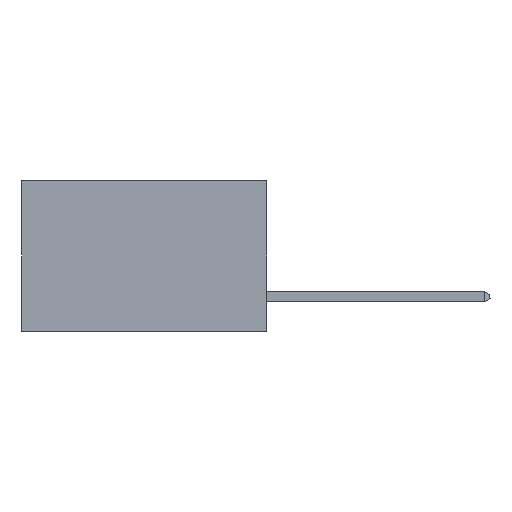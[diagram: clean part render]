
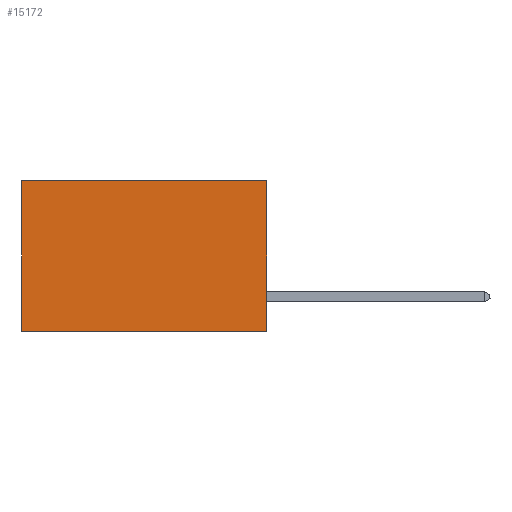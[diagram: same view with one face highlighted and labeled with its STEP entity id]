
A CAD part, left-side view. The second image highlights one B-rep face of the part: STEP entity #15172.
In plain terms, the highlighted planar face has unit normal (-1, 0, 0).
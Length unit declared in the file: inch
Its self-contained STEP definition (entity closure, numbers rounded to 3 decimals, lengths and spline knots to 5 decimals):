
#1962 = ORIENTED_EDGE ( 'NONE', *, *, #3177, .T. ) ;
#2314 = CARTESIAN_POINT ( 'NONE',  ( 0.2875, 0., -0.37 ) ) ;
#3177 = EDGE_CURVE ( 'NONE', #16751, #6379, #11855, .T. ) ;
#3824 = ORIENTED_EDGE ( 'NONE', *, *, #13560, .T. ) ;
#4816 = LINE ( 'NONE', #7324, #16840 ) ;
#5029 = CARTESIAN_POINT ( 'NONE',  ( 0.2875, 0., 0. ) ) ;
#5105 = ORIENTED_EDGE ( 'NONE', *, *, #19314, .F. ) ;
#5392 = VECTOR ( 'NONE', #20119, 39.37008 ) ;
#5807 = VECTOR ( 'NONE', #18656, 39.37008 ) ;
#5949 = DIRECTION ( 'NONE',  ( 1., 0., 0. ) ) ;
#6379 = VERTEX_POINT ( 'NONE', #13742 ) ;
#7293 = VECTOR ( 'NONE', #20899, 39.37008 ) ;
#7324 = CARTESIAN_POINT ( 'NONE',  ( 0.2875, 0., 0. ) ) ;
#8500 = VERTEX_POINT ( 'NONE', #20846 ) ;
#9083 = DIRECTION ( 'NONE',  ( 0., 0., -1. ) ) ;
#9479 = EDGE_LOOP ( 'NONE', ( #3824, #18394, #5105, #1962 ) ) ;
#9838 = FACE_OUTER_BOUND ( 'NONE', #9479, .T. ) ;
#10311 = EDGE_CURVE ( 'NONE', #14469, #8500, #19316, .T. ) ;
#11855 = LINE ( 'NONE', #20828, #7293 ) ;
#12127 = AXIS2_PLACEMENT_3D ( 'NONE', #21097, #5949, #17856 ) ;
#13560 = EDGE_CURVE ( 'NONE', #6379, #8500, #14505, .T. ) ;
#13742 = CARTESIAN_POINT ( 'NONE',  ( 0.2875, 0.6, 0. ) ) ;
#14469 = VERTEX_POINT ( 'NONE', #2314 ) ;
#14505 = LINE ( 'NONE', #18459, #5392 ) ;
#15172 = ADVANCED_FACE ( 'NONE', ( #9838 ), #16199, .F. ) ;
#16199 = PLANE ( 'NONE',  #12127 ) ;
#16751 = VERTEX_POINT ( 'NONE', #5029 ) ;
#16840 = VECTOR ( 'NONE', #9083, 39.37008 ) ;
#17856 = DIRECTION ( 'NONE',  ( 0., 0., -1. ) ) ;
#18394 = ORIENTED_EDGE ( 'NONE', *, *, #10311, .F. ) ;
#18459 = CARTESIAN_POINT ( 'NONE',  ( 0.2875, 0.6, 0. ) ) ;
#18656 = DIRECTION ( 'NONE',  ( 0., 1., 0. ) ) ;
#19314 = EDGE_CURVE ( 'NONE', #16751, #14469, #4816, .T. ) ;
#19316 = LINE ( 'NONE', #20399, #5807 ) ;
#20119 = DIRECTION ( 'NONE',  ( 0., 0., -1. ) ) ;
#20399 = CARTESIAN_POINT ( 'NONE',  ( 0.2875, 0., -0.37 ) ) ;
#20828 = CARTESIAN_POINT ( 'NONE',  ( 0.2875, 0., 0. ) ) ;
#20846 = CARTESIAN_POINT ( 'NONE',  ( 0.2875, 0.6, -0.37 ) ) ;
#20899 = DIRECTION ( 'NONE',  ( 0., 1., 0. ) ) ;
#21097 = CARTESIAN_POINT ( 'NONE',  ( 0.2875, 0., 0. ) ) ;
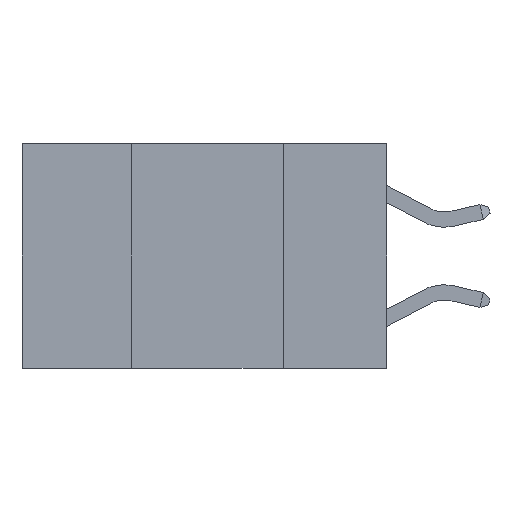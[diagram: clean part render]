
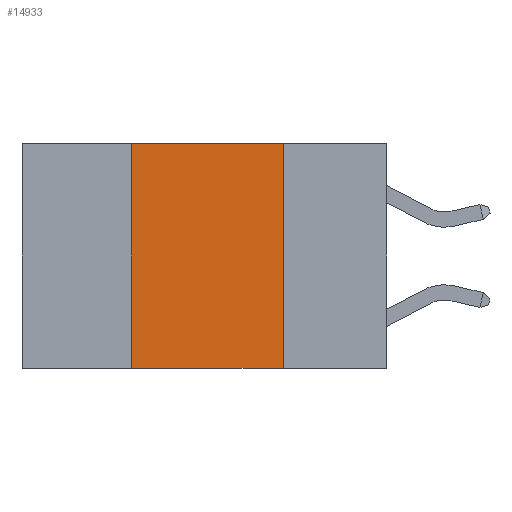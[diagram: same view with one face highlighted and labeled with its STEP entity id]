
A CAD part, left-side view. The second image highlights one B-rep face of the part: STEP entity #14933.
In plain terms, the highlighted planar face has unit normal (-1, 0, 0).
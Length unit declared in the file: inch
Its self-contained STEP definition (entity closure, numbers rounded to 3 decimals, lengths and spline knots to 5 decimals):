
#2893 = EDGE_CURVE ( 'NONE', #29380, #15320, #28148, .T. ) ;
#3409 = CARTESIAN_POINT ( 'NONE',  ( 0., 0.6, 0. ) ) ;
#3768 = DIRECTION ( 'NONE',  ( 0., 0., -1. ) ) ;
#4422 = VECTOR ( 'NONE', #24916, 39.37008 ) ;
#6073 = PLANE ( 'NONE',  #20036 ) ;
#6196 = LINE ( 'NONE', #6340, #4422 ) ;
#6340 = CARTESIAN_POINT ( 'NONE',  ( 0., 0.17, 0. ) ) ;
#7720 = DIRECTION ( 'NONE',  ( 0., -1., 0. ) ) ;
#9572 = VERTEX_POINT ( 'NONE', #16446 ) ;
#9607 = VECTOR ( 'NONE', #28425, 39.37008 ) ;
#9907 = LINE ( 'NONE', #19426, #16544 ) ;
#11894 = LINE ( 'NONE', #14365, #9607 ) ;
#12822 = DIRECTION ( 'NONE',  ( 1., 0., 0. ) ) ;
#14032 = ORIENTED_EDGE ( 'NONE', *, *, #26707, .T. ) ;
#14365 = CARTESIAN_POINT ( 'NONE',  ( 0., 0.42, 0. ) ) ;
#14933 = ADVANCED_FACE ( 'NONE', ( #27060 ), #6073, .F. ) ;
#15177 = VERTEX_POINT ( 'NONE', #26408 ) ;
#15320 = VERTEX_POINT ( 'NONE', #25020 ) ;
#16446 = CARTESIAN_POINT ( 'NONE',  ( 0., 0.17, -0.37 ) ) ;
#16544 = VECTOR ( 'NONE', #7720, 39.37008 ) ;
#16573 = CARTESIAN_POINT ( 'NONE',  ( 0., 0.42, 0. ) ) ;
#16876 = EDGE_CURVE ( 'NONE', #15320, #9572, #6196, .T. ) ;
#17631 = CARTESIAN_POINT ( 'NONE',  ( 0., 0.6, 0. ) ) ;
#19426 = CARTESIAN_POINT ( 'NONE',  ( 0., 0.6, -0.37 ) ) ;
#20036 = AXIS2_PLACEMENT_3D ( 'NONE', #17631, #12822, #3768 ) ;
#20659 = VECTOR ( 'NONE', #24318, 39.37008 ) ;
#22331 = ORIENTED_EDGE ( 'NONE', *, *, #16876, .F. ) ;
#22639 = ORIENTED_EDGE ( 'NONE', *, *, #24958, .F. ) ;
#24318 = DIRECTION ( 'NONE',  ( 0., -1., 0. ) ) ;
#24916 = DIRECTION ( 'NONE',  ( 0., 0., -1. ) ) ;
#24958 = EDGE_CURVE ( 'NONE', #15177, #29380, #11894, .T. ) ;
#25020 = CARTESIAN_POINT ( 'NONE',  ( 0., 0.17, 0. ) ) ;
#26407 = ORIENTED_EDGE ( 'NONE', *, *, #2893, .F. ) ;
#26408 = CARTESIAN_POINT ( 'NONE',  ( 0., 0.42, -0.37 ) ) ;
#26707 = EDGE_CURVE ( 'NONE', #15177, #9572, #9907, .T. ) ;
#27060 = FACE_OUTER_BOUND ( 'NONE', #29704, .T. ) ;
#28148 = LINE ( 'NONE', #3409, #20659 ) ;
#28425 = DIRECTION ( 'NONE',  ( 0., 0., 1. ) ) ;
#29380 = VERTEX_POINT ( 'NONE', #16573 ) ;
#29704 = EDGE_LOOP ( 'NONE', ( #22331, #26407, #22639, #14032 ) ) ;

*Exercise*
Work out how many lines of the material include "PLANE", then report only that count.

*Output of the task*
2